Dans cette région, les territoires français s'étendent des côtes orientales de l'Afrique aux côtes occidentales des Amériques avec notamment Mayotte, l'île de La Réunion, la Nouvelle-Calédonie, Wallis et Futuna, la Polynésie française ou encore les TAAF. « Quelque 1,6 million de citoyens français vivent dans ces territoires » éloignés de l’Hexagone, sans compter les Français expatriés dans les pays de la région, souligne Rachid Temal.
« On détient la deuxième zone économique exclusive mondiale après les États-Unis, avec plus de 11 millions de km2 (dont un peu plus de 9 millions sur l’Indopacifique, ndlr) », ajoute Cédric Perrin. Sur le plan militaire, plus de 7 000 soldats français y sont stationnés, une dizaine de frégates sont opérationnelles et quelques avions assurent la surveillance de la zone.

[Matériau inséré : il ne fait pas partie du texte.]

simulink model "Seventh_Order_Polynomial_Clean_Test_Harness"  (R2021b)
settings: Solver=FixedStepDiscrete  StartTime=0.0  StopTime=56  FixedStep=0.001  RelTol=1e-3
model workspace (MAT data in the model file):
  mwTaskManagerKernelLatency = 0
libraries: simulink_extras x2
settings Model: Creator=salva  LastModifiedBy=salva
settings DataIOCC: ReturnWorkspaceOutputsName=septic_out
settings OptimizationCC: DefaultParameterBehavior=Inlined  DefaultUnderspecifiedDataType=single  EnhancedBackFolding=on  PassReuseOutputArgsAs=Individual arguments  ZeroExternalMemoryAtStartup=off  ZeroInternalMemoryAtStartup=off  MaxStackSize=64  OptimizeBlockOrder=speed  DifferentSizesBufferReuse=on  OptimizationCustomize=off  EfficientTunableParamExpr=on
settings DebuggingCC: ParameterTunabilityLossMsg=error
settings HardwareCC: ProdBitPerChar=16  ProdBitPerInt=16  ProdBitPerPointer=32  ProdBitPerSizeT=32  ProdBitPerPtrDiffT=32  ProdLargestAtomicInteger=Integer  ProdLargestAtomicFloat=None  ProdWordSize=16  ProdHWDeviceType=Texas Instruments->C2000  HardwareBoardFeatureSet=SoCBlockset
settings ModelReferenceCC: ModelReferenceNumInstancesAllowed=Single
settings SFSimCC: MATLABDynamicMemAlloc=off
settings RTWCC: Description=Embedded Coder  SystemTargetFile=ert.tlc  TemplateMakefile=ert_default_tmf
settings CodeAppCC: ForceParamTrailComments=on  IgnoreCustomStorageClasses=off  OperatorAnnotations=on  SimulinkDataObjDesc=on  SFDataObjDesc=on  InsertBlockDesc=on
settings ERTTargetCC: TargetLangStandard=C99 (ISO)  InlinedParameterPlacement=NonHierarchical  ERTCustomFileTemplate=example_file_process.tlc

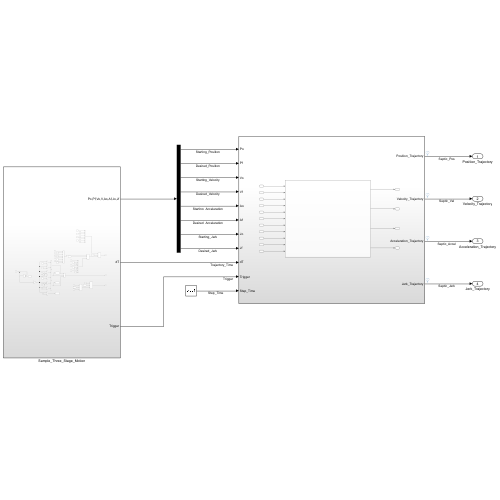
[thumbnail: Simulink's stored preview of the top-level diagram]
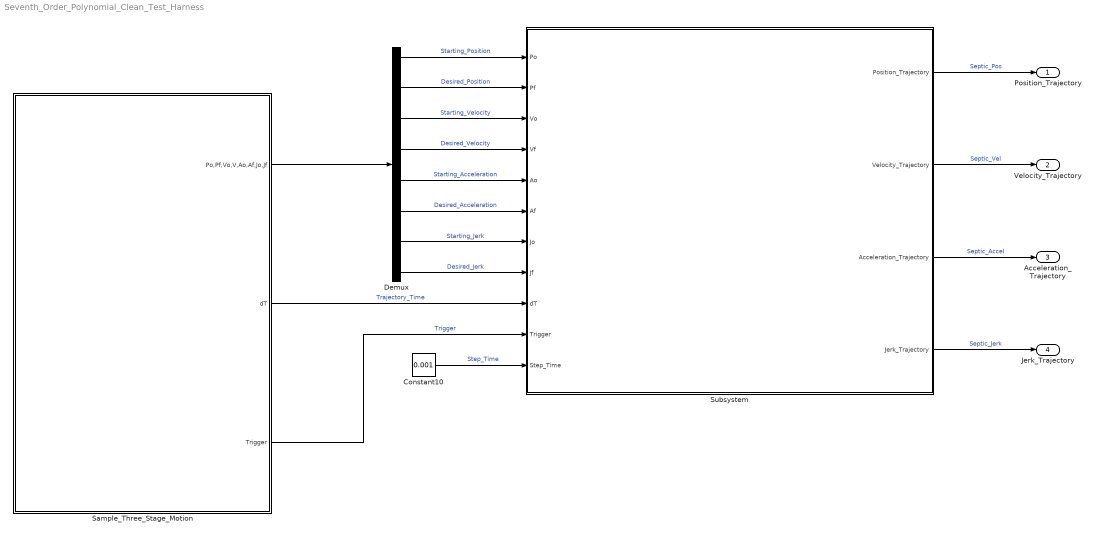
== system Seventh_Order_Polynomial_Clean_Test_Harness ==
  Constant10 : Constant  Value=0.001
  Demux : Demux  Outputs=8
  Sample_Three_Stage_Motion : Subsystem
  Subsystem : Subsystem
  Position_Trajectory : Outport
  Velocity_Trajectory : Outport  Port=2
  Acceleration_Trajectory : Outport  Port=3
  Jerk_Trajectory : Outport  Port=4
  wires:
  Demux/1 -> Subsystem/1(Po)  "Starting_Position"
  Demux/2 -> Subsystem/2(Pf)  "Desired_Position"
  Demux/3 -> Subsystem/3(Vo)  "Starting_Velocity"
  Demux/4 -> Subsystem/4(Vf)  "Desired_Velocity"
  Demux/5 -> Subsystem/5(Ao)  "Starting_Acceleration"
  Demux/6 -> Subsystem/6(Af)  "Desired_Acceleration"
  Demux/7 -> Subsystem/7(Jo)  "Starting_Jerk"
  Demux/8 -> Subsystem/8(Jf)  "Desired_Jerk"
  Constant10/1 -> Subsystem/11(Step_Time)  "Step_Time"
  Subsystem/1(Position_Trajectory) -> Position_Trajectory/1  "Septic_Pos"
  Subsystem/2(Velocity_Trajectory) -> Velocity_Trajectory/1  "Septic_Vel"
  Subsystem/3(Acceleration_Trajectory) -> Acceleration_Trajectory/1  "Septic_Accel"
  Subsystem/4(Jerk_Trajectory) -> Jerk_Trajectory/1  "Septic_Jerk"
  Sample_Three_Stage_Motion/3(Trigger) -> Subsystem/10(Trigger)  "Trigger"
  Sample_Three_Stage_Motion/2(dT) -> Subsystem/9(dT)  "Trajectory_Time"
  Sample_Three_Stage_Motion/1(Po,Pf,Vo,V,Ao,Af,Jo,Jf) -> Demux/1

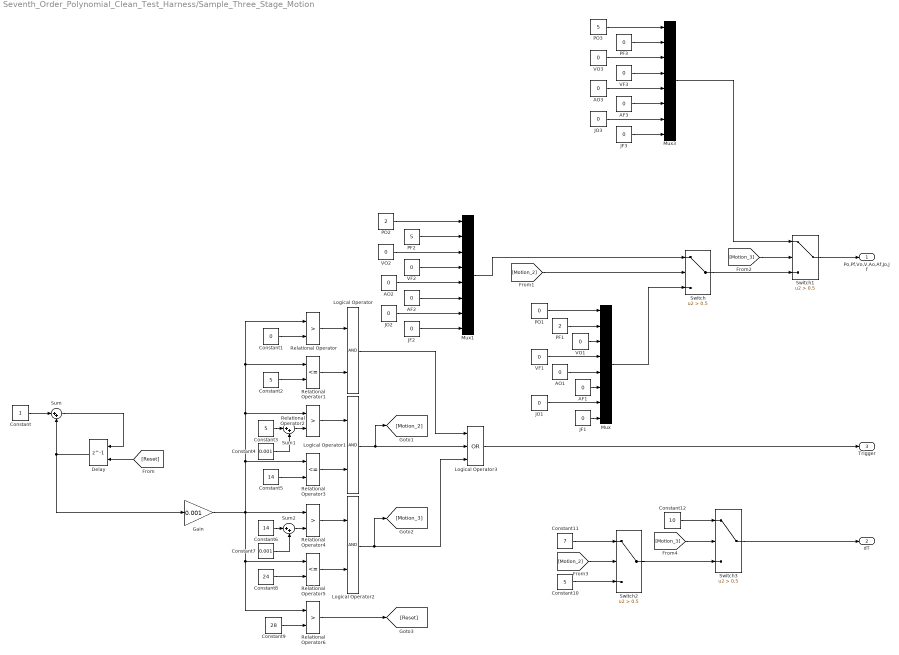
== system Seventh_Order_Polynomial_Clean_Test_Harness/Sample_Three_Stage_Motion ==
  AF1 : Constant  Value=0
  AF2 : Constant  Value=0
  AF3 : Constant  Value=0
  AO1 : Constant  Value=0
  AO2 : Constant  Value=0
  AO3 : Constant  Value=0
  Constant : Constant
  Constant1 : Constant  Value=0
  Constant10 : Constant  Value=5
  Constant11 : Constant  Value=7
  Constant12 : Constant  Value=10
  Constant2 : Constant  Value=5
  Constant3 : Constant  Value=5
  Constant4 : Constant  Value=0.001
  Constant5 : Constant  Value=14
  Constant6 : Constant  Value=14
  Constant7 : Constant  Value=0.001
  Constant8 : Constant  Value=24
  Constant9 : Constant  Value=28
  Delay : Delay  DelayLength=1  ExternalReset=Rising
      settings: InputPortMap=u0,r5
  Gain : Gain  Gain=0.001
  JF1 : Constant  Value=0
  JF2 : Constant  Value=0
  JF3 : Constant  Value=0
  JO1 : Constant  Value=0
  JO2 : Constant  Value=0
  JO3 : Constant  Value=0
  Logical Operator : Logic  AllPortsSameDT=off  OutDataTypeStr=boolean
  Logical Operator1 : Logic  AllPortsSameDT=off  OutDataTypeStr=boolean
  Logical Operator2 : Logic  AllPortsSameDT=off  OutDataTypeStr=boolean
  Logical Operator3 : Logic  Operator=OR  Inputs=3  AllPortsSameDT=off  OutDataTypeStr=boolean
  Mux : Mux  Inputs=8
  Mux1 : Mux  Inputs=8
  Mux3 : Mux  Inputs=8
  PF1 : Constant  Value=2
  PF2 : Constant  Value=5
  PF3 : Constant  Value=0
  PO1 : Constant  Value=0
  PO2 : Constant  Value=2
  PO3 : Constant  Value=5
  Relational Operator{,2,4,6} (4 alike) : RelationalOperator  Operator=>  OutDataTypeStr=boolean  RndMeth=Simplest
  Relational Operator1 : RelationalOperator  Operator=<=  OutDataTypeStr=boolean  RndMeth=Simplest
  Relational Operator3 : RelationalOperator  Operator=<=  OutDataTypeStr=boolean  RndMeth=Simplest
  Relational Operator5 : RelationalOperator  Operator=<=  OutDataTypeStr=boolean  RndMeth=Simplest
  Sum : Sum  Inputs=|++
  Sum1 : Sum  Inputs=|++
  Sum2 : Sum  Inputs=|++
  Switch{,1..3} (4 alike) : Switch  Criteria=u2 > Threshold  Threshold=0.5
  VF1 : Constant  Value=0
  VF2 : Constant  Value=0
  VF3 : Constant  Value=0
  VO1 : Constant  Value=0
  VO2 : Constant  Value=0
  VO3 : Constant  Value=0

Quel est l'objectif de la France ?
« La France entend peser de tout son poids diplomatique et stratégique dans ce vaste espace », souligne Isabelle Saint-Mézard, chercheuse au Centre Asie de l'Institut français des relations internationales (Ifri). Car la France, « certes une puissance moyenne », estime qu'elle peut avoir une « influence globale », explique-t-elle. Et la France veut d'autant plus faire entendre sa voix qu'en Asie-Pacifique « se joue, pour bonne partie, l'avenir du système international », ajoute-t-elle. Face aux risques d'une nouvelle guerre froide entre la Chine et les États-Unis, Paris se positionne comme « alternative » à Pékin ou Washington.
La France peut-elle se démarquer des États-Unis ?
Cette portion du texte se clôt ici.